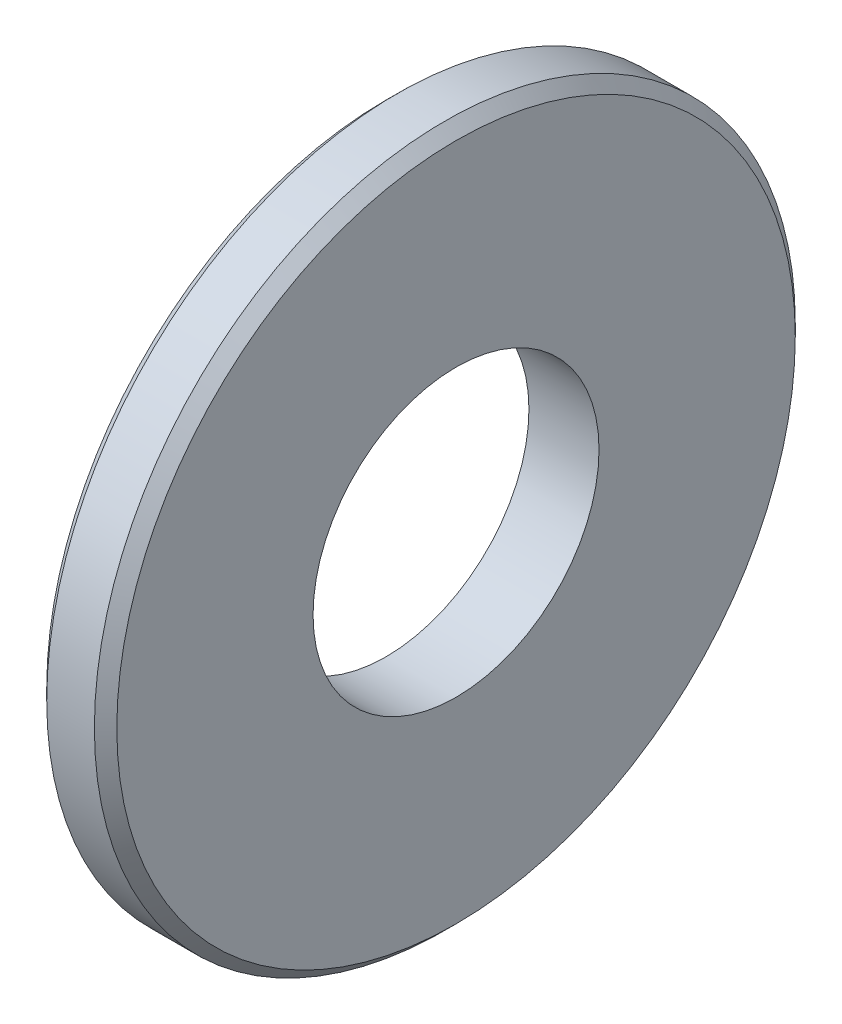
ISO-10303-21;
HEADER;
FILE_DESCRIPTION(('STEP AP214'),'2;1');
FILE_NAME('part.step','',(''),(''),'','','');
FILE_SCHEMA(('AUTOMOTIVE_DESIGN { 1 0 10303 214 1 1 1 1 }'));
ENDSEC;
DATA;
#1=APPLICATION_CONTEXT('core data for automotive mechanical design processes');
#2=APPLICATION_PROTOCOL_DEFINITION('international standard','automotive_design',2000,#1);
#3=PRODUCT_CONTEXT('',#1,'mechanical');
#4=PRODUCT('Part','Part','',(#3));
#5=PRODUCT_RELATED_PRODUCT_CATEGORY('part','',(#4));
#6=PRODUCT_DEFINITION_FORMATION('','',#4);
#7=PRODUCT_DEFINITION_CONTEXT('part definition',#1,'design');
#8=PRODUCT_DEFINITION('design','',#6,#7);
#9=PRODUCT_DEFINITION_SHAPE('','',#8);
#10=(LENGTH_UNIT() NAMED_UNIT(*) SI_UNIT(.MILLI.,.METRE.));
#11=(NAMED_UNIT(*) PLANE_ANGLE_UNIT() SI_UNIT($,.RADIAN.));
#12=(NAMED_UNIT(*) SI_UNIT($,.STERADIAN.) SOLID_ANGLE_UNIT());
#13=UNCERTAINTY_MEASURE_WITH_UNIT(LENGTH_MEASURE(1.E-05),#10,'distance_accuracy_value','');
#14=(GEOMETRIC_REPRESENTATION_CONTEXT(3) GLOBAL_UNCERTAINTY_ASSIGNED_CONTEXT((#13)) GLOBAL_UNIT_ASSIGNED_CONTEXT((#10,
#11,#12)) REPRESENTATION_CONTEXT('',''));
#15=CARTESIAN_POINT('',(0.,0.,0.));
#16=DIRECTION('',(0.,0.,1.));
#17=DIRECTION('',(1.,0.,0.));
#18=AXIS2_PLACEMENT_3D('',#15,#16,#17);
#19=CARTESIAN_POINT('',(1.5875,0.,0.));
#20=DIRECTION('',(1.,0.,0.));
#21=DIRECTION('',(0.,0.,-1.));
#22=AXIS2_PLACEMENT_3D('',#19,#20,#21);
#23=PLANE('',#22);
#24=CARTESIAN_POINT('',(1.5875,0.,0.));
#25=DIRECTION('',(1.,0.,0.));
#26=DIRECTION('',(0.,0.,-1.));
#27=AXIS2_PLACEMENT_3D('',#24,#25,#26);
#28=CIRCLE('',#27,7.6835);
#29=CARTESIAN_POINT('',(1.5875,0.,-7.6835));
#30=VERTEX_POINT('',#29);
#31=EDGE_CURVE('E10',#30,#30,#28,.T.);
#32=ORIENTED_EDGE('',*,*,#31,.T.);
#33=EDGE_LOOP('',(#32));
#34=FACE_BOUND('',#33,.T.);
#35=CARTESIAN_POINT('',(1.5875,0.,0.));
#36=DIRECTION('',(1.,0.,0.));
#37=DIRECTION('',(0.,0.,-1.));
#38=AXIS2_PLACEMENT_3D('',#35,#36,#37);
#39=CIRCLE('',#38,3.2385);
#40=CARTESIAN_POINT('',(1.5875,0.,-3.2385));
#41=VERTEX_POINT('',#40);
#42=EDGE_CURVE('E51',#41,#41,#39,.T.);
#43=ORIENTED_EDGE('',*,*,#42,.F.);
#44=EDGE_LOOP('',(#43));
#45=FACE_BOUND('',#44,.T.);
#46=ADVANCED_FACE('F31',(#34,#45),#23,.T.);
#47=CARTESIAN_POINT('',(0.,0.,0.));
#48=DIRECTION('',(1.,0.,0.));
#49=DIRECTION('',(0.,0.,-1.));
#50=AXIS2_PLACEMENT_3D('',#47,#48,#49);
#51=PLANE('',#50);
#52=CARTESIAN_POINT('',(0.,0.,0.));
#53=DIRECTION('',(1.,0.,0.));
#54=DIRECTION('',(0.,0.,-1.));
#55=AXIS2_PLACEMENT_3D('',#52,#53,#54);
#56=CIRCLE('',#55,7.6835);
#57=CARTESIAN_POINT('',(0.,0.,-7.6835));
#58=VERTEX_POINT('',#57);
#59=EDGE_CURVE('E38',#58,#58,#56,.F.);
#60=ORIENTED_EDGE('',*,*,#59,.T.);
#61=EDGE_LOOP('',(#60));
#62=FACE_BOUND('',#61,.T.);
#63=CARTESIAN_POINT('',(0.,0.,0.));
#64=DIRECTION('',(1.,0.,0.));
#65=DIRECTION('',(0.,0.,-1.));
#66=AXIS2_PLACEMENT_3D('',#63,#64,#65);
#67=CIRCLE('',#66,3.2385);
#68=CARTESIAN_POINT('',(0.,0.,-3.2385));
#69=VERTEX_POINT('',#68);
#70=EDGE_CURVE('E52',#69,#69,#67,.T.);
#71=ORIENTED_EDGE('',*,*,#70,.T.);
#72=EDGE_LOOP('',(#71));
#73=FACE_BOUND('',#72,.T.);
#74=ADVANCED_FACE('F62',(#62,#73),#51,.F.);
#75=CARTESIAN_POINT('',(1.5875,0.,0.));
#76=DIRECTION('',(-1.,0.,0.));
#77=DIRECTION('',(0.,0.,1.));
#78=AXIS2_PLACEMENT_3D('',#75,#76,#77);
#79=CYLINDRICAL_SURFACE('',#78,7.9375);
#80=CARTESIAN_POINT('',(0.254000000000003,0.,0.));
#81=DIRECTION('',(1.,0.,0.));
#82=DIRECTION('',(0.,0.,-1.));
#83=AXIS2_PLACEMENT_3D('',#80,#81,#82);
#84=CIRCLE('',#83,7.9375);
#85=CARTESIAN_POINT('',(0.254000000000003,0.,-7.9375));
#86=VERTEX_POINT('',#85);
#87=EDGE_CURVE('E42',#86,#86,#84,.T.);
#88=ORIENTED_EDGE('',*,*,#87,.T.);
#89=EDGE_LOOP('',(#88));
#90=FACE_BOUND('',#89,.T.);
#91=CARTESIAN_POINT('',(1.3335,0.,0.));
#92=DIRECTION('',(1.,0.,0.));
#93=DIRECTION('',(0.,0.,-1.));
#94=AXIS2_PLACEMENT_3D('',#91,#92,#93);
#95=CIRCLE('',#94,7.9375);
#96=CARTESIAN_POINT('',(1.3335,0.,-7.9375));
#97=VERTEX_POINT('',#96);
#98=EDGE_CURVE('E46',#97,#97,#95,.F.);
#99=ORIENTED_EDGE('',*,*,#98,.T.);
#100=EDGE_LOOP('',(#99));
#101=FACE_BOUND('',#100,.T.);
#102=ADVANCED_FACE('F67',(#90,#101),#79,.T.);
#103=CARTESIAN_POINT('',(1.5875,0.,0.));
#104=DIRECTION('',(-1.,0.,0.));
#105=DIRECTION('',(0.,0.,1.));
#106=AXIS2_PLACEMENT_3D('',#103,#104,#105);
#107=CYLINDRICAL_SURFACE('',#106,3.2385);
#108=ORIENTED_EDGE('',*,*,#42,.T.);
#109=EDGE_LOOP('',(#108));
#110=FACE_BOUND('',#109,.T.);
#111=ORIENTED_EDGE('',*,*,#70,.F.);
#112=EDGE_LOOP('',(#111));
#113=FACE_BOUND('',#112,.T.);
#114=ADVANCED_FACE('F58',(#110,#113),#107,.F.);
#115=CARTESIAN_POINT('',(0.254000000000003,0.,0.));
#116=DIRECTION('',(1.,0.,0.));
#117=DIRECTION('',(0.,0.,-1.));
#118=AXIS2_PLACEMENT_3D('',#115,#116,#117);
#119=CONICAL_SURFACE('',#118,7.9375,0.785398163397448);
#120=ORIENTED_EDGE('',*,*,#59,.F.);
#121=EDGE_LOOP('',(#120));
#122=FACE_BOUND('',#121,.T.);
#123=ORIENTED_EDGE('',*,*,#87,.F.);
#124=EDGE_LOOP('',(#123));
#125=FACE_BOUND('',#124,.T.);
#126=ADVANCED_FACE('F73',(#122,#125),#119,.T.);
#127=CARTESIAN_POINT('',(1.5875,0.,0.));
#128=DIRECTION('',(-1.,0.,0.));
#129=DIRECTION('',(0.,0.,1.));
#130=AXIS2_PLACEMENT_3D('',#127,#128,#129);
#131=CONICAL_SURFACE('',#130,7.6835,0.785398163397442);
#132=ORIENTED_EDGE('',*,*,#98,.F.);
#133=EDGE_LOOP('',(#132));
#134=FACE_BOUND('',#133,.T.);
#135=ORIENTED_EDGE('',*,*,#31,.F.);
#136=EDGE_LOOP('',(#135));
#137=FACE_BOUND('',#136,.T.);
#138=ADVANCED_FACE('F33',(#134,#137),#131,.T.);
#139=CLOSED_SHELL('',(#46,#74,#102,#114,#126,#138));
#140=MANIFOLD_SOLID_BREP('B2',#139);
#141=ADVANCED_BREP_SHAPE_REPRESENTATION('',(#18,#140),#14);
#142=SHAPE_DEFINITION_REPRESENTATION(#9,#141);
ENDSEC;
END-ISO-10303-21;
|---|
AIM OF THE TASK ▸ Copy verbatim, from the listing above, each line from the one containing "#41=VERTEX_POINT('',#40);" down to the one containing "#66=AXIS2_PLACEMENT_3D('',#63,#64,#65);", inclusive.

TASK OUTPUT ▸
#41=VERTEX_POINT('',#40);
#42=EDGE_CURVE('E51',#41,#41,#39,.T.);
#43=ORIENTED_EDGE('',*,*,#42,.F.);
#44=EDGE_LOOP('',(#43));
#45=FACE_BOUND('',#44,.T.);
#46=ADVANCED_FACE('F31',(#34,#45),#23,.T.);
#47=CARTESIAN_POINT('',(0.,0.,0.));
#48=DIRECTION('',(1.,0.,0.));
#49=DIRECTION('',(0.,0.,-1.));
#50=AXIS2_PLACEMENT_3D('',#47,#48,#49);
#51=PLANE('',#50);
#52=CARTESIAN_POINT('',(0.,0.,0.));
#53=DIRECTION('',(1.,0.,0.));
#54=DIRECTION('',(0.,0.,-1.));
#55=AXIS2_PLACEMENT_3D('',#52,#53,#54);
#56=CIRCLE('',#55,7.6835);
#57=CARTESIAN_POINT('',(0.,0.,-7.6835));
#58=VERTEX_POINT('',#57);
#59=EDGE_CURVE('E38',#58,#58,#56,.F.);
#60=ORIENTED_EDGE('',*,*,#59,.T.);
#61=EDGE_LOOP('',(#60));
#62=FACE_BOUND('',#61,.T.);
#63=CARTESIAN_POINT('',(0.,0.,0.));
#64=DIRECTION('',(1.,0.,0.));
#65=DIRECTION('',(0.,0.,-1.));
#66=AXIS2_PLACEMENT_3D('',#63,#64,#65);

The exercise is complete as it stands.